*Records from a data collection*.
________________
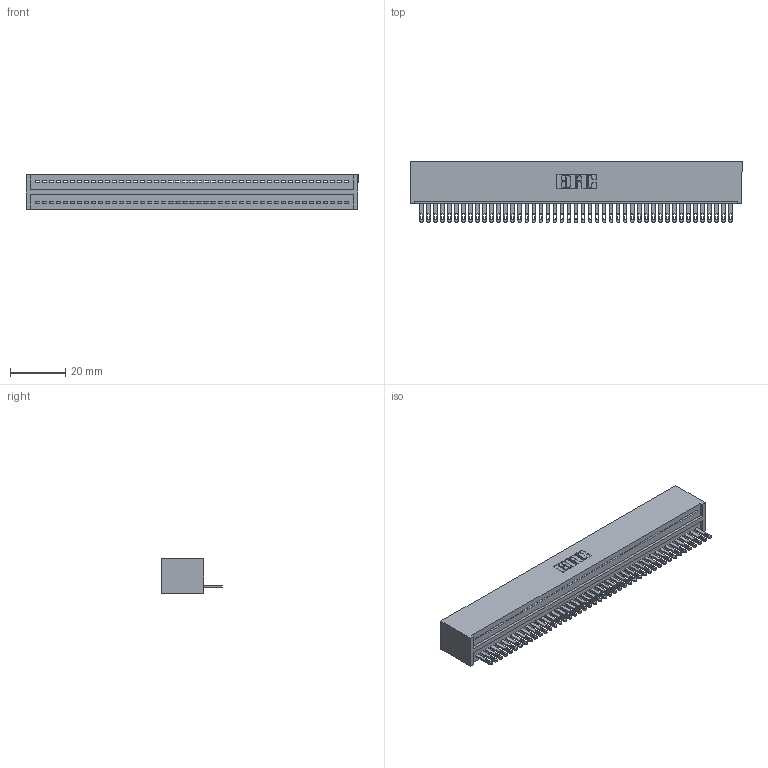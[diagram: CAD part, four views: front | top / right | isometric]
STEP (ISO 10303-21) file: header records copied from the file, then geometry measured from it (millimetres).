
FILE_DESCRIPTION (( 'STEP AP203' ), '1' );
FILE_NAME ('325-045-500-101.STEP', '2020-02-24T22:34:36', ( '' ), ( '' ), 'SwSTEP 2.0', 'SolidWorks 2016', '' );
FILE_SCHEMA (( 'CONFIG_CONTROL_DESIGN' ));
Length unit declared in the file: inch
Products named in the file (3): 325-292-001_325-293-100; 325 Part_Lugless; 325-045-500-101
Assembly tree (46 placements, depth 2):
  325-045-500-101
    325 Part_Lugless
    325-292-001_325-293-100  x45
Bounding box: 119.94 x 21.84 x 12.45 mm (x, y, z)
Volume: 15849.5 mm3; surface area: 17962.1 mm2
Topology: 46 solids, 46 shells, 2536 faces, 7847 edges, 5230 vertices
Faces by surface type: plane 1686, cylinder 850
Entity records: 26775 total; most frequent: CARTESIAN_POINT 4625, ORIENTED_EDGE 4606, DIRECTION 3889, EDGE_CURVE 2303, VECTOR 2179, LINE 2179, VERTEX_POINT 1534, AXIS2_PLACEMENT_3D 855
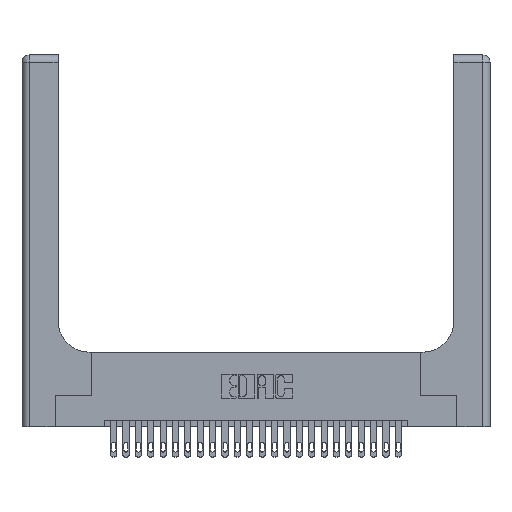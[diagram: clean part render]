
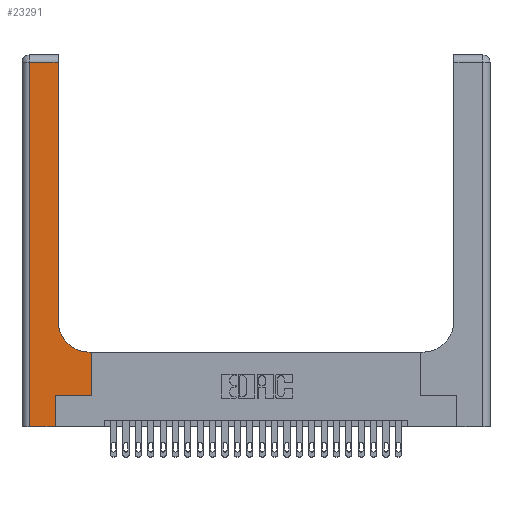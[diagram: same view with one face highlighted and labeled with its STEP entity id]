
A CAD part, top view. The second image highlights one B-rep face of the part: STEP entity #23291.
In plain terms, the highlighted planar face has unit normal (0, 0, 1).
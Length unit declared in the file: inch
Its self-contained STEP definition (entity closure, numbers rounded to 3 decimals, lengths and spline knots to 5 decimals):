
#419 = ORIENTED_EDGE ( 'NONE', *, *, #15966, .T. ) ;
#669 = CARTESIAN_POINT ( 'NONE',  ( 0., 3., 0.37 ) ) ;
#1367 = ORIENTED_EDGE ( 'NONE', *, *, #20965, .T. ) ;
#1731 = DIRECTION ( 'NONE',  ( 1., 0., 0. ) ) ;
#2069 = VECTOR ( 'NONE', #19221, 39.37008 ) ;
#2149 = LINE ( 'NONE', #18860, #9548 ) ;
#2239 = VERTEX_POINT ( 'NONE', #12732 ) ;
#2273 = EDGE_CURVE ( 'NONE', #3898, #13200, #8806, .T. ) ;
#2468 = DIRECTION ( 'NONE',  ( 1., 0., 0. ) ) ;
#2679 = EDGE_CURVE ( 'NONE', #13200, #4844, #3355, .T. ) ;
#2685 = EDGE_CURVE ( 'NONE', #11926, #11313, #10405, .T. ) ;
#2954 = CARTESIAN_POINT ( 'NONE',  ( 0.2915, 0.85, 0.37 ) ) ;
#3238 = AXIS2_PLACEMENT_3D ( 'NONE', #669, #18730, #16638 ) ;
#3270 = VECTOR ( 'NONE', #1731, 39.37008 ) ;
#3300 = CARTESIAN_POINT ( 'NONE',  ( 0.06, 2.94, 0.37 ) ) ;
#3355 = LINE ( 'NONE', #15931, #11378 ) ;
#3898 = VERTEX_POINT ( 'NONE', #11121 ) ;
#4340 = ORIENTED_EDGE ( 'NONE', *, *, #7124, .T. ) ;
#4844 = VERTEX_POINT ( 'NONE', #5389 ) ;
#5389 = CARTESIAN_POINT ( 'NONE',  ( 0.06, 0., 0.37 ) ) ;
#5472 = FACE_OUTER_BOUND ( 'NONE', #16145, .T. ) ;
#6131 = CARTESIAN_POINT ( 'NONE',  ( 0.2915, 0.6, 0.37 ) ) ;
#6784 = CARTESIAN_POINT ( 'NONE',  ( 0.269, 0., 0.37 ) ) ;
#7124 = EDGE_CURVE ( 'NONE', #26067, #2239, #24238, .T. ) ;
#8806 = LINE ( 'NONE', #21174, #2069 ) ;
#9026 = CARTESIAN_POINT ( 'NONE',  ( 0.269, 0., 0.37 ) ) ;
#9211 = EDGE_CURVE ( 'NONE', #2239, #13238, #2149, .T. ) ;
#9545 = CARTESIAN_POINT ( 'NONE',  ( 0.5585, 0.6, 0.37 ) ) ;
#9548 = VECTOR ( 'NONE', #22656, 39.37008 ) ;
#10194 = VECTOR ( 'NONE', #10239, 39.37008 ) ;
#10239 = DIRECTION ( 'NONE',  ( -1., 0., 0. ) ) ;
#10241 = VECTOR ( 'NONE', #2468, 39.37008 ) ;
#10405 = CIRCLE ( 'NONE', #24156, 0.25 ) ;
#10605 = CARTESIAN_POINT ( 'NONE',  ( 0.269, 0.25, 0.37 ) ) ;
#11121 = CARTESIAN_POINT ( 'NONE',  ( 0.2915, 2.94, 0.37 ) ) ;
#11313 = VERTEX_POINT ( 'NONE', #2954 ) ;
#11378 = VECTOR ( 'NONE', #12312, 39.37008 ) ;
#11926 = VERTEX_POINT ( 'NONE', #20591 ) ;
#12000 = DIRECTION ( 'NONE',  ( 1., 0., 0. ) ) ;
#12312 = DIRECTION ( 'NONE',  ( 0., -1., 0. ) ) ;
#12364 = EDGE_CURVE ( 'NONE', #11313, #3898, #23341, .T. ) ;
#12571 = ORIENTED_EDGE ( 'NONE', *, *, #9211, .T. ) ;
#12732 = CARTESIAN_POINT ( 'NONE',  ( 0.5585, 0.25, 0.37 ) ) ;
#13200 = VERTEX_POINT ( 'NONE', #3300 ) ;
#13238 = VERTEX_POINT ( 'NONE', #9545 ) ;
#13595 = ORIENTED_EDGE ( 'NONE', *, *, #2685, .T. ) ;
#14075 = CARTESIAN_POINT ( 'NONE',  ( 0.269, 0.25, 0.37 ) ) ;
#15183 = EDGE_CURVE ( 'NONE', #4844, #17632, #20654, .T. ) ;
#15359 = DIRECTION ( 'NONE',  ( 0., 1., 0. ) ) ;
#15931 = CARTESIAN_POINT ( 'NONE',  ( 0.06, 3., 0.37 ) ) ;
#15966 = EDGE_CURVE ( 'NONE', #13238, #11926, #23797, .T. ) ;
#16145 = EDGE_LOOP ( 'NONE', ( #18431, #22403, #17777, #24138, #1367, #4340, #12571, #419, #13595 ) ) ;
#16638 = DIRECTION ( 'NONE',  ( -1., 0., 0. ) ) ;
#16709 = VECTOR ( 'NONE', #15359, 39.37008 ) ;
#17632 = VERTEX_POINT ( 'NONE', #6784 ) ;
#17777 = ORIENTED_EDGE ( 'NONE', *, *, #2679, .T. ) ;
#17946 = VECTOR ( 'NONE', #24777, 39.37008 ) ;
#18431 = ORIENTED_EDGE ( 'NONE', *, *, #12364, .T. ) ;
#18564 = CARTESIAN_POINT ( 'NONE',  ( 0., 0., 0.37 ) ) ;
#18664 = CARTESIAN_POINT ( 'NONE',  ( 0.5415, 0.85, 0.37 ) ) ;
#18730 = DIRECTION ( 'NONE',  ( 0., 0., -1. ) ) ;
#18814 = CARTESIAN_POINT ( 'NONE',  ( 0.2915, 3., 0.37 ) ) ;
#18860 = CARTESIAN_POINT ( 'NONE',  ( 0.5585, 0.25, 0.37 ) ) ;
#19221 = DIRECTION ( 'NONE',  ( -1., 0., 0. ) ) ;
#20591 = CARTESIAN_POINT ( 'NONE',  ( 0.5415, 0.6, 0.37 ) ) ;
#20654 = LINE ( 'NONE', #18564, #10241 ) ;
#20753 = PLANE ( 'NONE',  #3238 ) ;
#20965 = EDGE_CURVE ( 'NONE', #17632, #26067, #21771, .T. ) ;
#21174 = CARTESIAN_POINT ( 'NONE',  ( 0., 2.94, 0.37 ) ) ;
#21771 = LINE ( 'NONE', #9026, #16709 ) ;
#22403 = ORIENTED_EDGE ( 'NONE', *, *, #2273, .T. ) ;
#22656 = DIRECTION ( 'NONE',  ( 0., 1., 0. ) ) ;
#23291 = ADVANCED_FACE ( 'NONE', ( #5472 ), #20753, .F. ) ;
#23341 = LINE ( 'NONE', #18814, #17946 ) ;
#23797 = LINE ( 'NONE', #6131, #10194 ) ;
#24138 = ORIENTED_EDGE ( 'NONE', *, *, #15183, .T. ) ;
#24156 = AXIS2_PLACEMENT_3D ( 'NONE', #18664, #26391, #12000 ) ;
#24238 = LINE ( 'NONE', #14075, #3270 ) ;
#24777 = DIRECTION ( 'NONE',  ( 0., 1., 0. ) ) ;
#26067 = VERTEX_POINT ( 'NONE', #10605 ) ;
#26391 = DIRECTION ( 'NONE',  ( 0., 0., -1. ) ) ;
________________
*Work order*.
Show me all lines in the records that contain "surface".

*Result of this exercise*.
Volume: 15849.5 mm3; surface area: 17962.1 mm2
Faces by surface type: plane 1686, cylinder 850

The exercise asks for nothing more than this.